不到三步的距离时苓刻意压低步幅,走了十秒才来到刀疤头面前。
身子微微前倾,如同恶魔的低语在刀疤头的耳边响起:“我不妨和你讲讲道理。”
不等刀疤头反应,时苓就接着说下一句。
“你是混哪条道的?你最好给我足够充分的理由。”
刀疤头身后的小弟顿悟:[原来是这么个道理吗?]
如坐针毡的刀疤头却根本憋不出完整的一句话。
时苓加入“昝”之后没少替颜愿祈整顿这种无名小卒,以至于他们看到时苓比看到颜愿祈的反应还大。
“时……时时时小小姐,是,是那个贱货!他捅了我们的人,所,所以我,我们来抓他的……不,不是,我们硬闯进来,打,打扰,各位……”
“你们没有硬闯?那你们现在所站的地方定位是在m国吗?”
刀疤头接不上茬,身后的人也没一个敢吭声。
“如果不是你们瞎了眼把人往这边赶,他再大的能耐也进不来。”
就这心理素质还学人家当打手?也不怕被笑话死?
时苓没忍住翻了个白眼,一半是对怂包,一半是对颜扒皮。
颜愿祈绝对知道今晚会有这么一出,就等着拿时苓给她当枪使。
两个月以来,不是让她去臭烘烘的野男人那里搜集无关紧要的线索,就是让她处理底下的杂兵,简直大材小用!
哪怕颜愿祈不道德,时苓也得秉持着最基本的职业道德。
尽职尽责的推动事件的完结。
“你们是谁的人?”
“饶——”命根本没机会说出来。
“谁?”
“萧原……”
时苓听到“萧”的时候心还控制不住的揪了一下,听到第二个字又彻底坠落摔得粉碎,彻底没了兴致,再次打断刀疤头的话。
萧原众从血缘关系上是萧栖寒的堂哥,是萧栖寒舅舅的独生子。
回锦都不久就和他有过一面之缘,除了都姓萧,剩下的八竿子都打不着。
他们真的有血缘关系吗?
为什么一个清爽俊逸的像是女娲精心捏了三天三夜的得意之作,一个油腻普信的像是地沟油成精。
整日流连于风月场所,萧家费劲巴力的往下压也仍旧绯闻不断,不是今天和哪个女网红分手,就是明天在某场所发现与之神似形更似恶意寻衅滋事的混混。
这buff,这货色,这人品,他哪怕自己发誓从来没欺负过萧栖寒,时苓都一个字不带信的。
“萧原众是吧?”时苓摆摆手,“三秒钟,剩下谁谁就不用活了,三——”
还没数到二,所有人都鸟作兽散的全跑了。
时苓直起身子,拍拍衣服和手。
转身向颜愿祈汇报任务完成。
颜愿祈面露满意的神情抢先给时苓鼓掌,这就罢了,可旁边站着的一溜帅哥美女也跟着鼓掌是闹哪样!
太丢脸了。
时苓真是一丁点都高兴不起来。
万分庆幸自己戴了口罩和鸭舌帽,再配上一身黑,自己都觉得自己酷毙了,尴尬才减轻了不少。

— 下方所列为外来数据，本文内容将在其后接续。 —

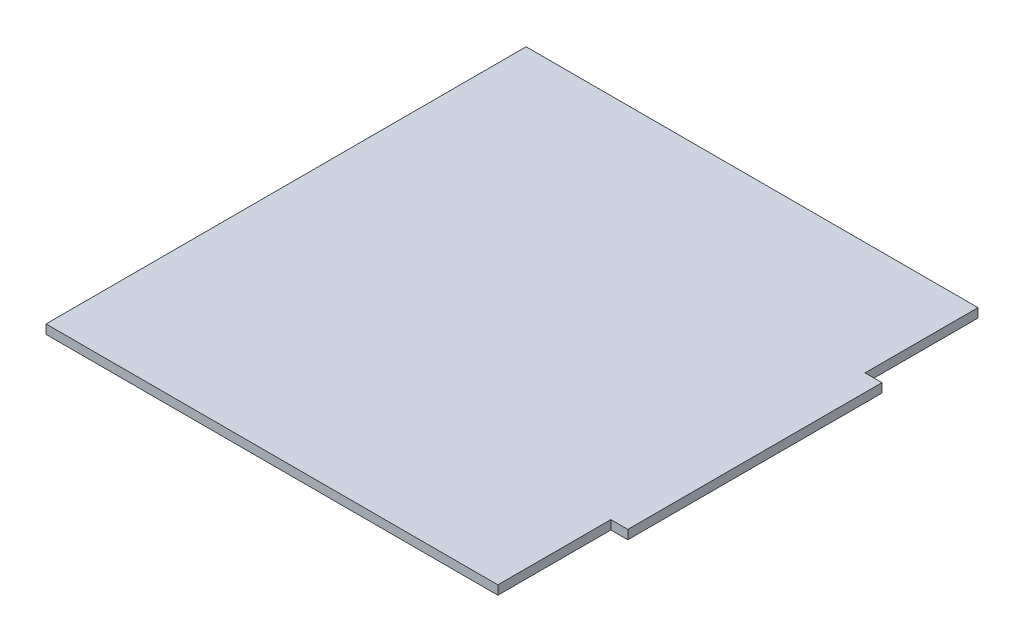
from build123d import *

# Parameters (mm, degrees)
SKETCH1_W           = 83
SKETCH1_H           = 85
BOSS_EXTRUDE1_DEPTH = 1.6
SKETCH2_W           = 3
SKETCH2_H           = 20
CUT_EXTRUDE1_DEPTH  = 10


with BuildPart() as part:
    # Sketch1 → Boss-Extrude1 (new body)
    with BuildSketch(Plane(origin=(0, 0, 0), x_dir=(1, 0, 0), z_dir=(0, 1, 0))):
        Rectangle(SKETCH1_W, SKETCH1_H)
    extrude(amount=BOSS_EXTRUDE1_DEPTH)

    # Sketch2 → Cut-Extrude1 (cut)
    with BuildSketch(Plane(origin=(0, 1.6, 0), x_dir=(1, 0, 0), z_dir=(0, 1, 0))):
        with Locations((40, 32.5)):
            Rectangle(SKETCH2_W, SKETCH2_H)
        with Locations((40, -32.5)):
            Rectangle(SKETCH2_W, SKETCH2_H)
    extrude(amount=-CUT_EXTRUDE1_DEPTH, mode=Mode.SUBTRACT)


solid = part.part

不过也因为她这身打扮深入人心,导致方才刀疤头一进门就认出了她。
这算不算抢了颜愿祈的风头?
时苓若有所思的坐回自己安静的小角落观众席,默默等待看戏。
而颜愿祈这边,她已经把那个男人从桌子底下扒拉出来,让一个手下带他处理伤势顺便换身衣服。
“看来今天又要加班了呢!”
颜愿祈的脸上可看不出一丝不悦,反而眼里盛满兴奋的光芒,像饿了三天三夜的恶狼见到新鲜待宰的羔羊,眼眸散发着幽幽绿光。
这么久以来,时苓算是摸到了点儿颜愿祈的秉性。
她这副没憋好屁的死样一看就是没憋好屁。
半小时后,那个男人被洗干净换上还算得体的衣物被带进屋里。
嘶,这么看来,长的确实眉清目秀温文尔雅的。
颜愿祈想招募他,现在看来也不是不能理解。
那个男人坐在颜愿祈的对面。
“怎么称呼?”
“……尹微缙。”
心情甚好的颜愿祈冲尹微缙笑眯眯的打招呼。
如果时苓没有看到她眼神中蕴含的别有用心的深意,还真以为她这次要当个活菩萨呢。
反倒是尹微缙不知为何看起来居然有些心虚。
难道他们两个认识?或者发生了什么不可言说的故事?
不过既然颜愿祈要将尹微缙收入麾下,那么他肯定是跑不了的。
当颜愿祈提出要和尹微缙签约的时候。
尹微缙满脸惋惜的解释自己已经有签约的公司,如果解约会赔付一大笔违约金。
笑话,这怎么可能难得到颜愿祈?
颜愿祈直言会替尹微缙垫违约金,等以后获得片酬再还清即可。
时苓居然从尹微缙落寞的神情中感觉出了点阴谋得逞的味道。
不得不说,从某种意义上来讲这两个人也算是臭味相投了。
于是这位帅的让颜愿祈都一见倾心的新人被颜愿祈成功拿下,据说第二天颜愿祈就迫不及待的拉着他去片场试镜。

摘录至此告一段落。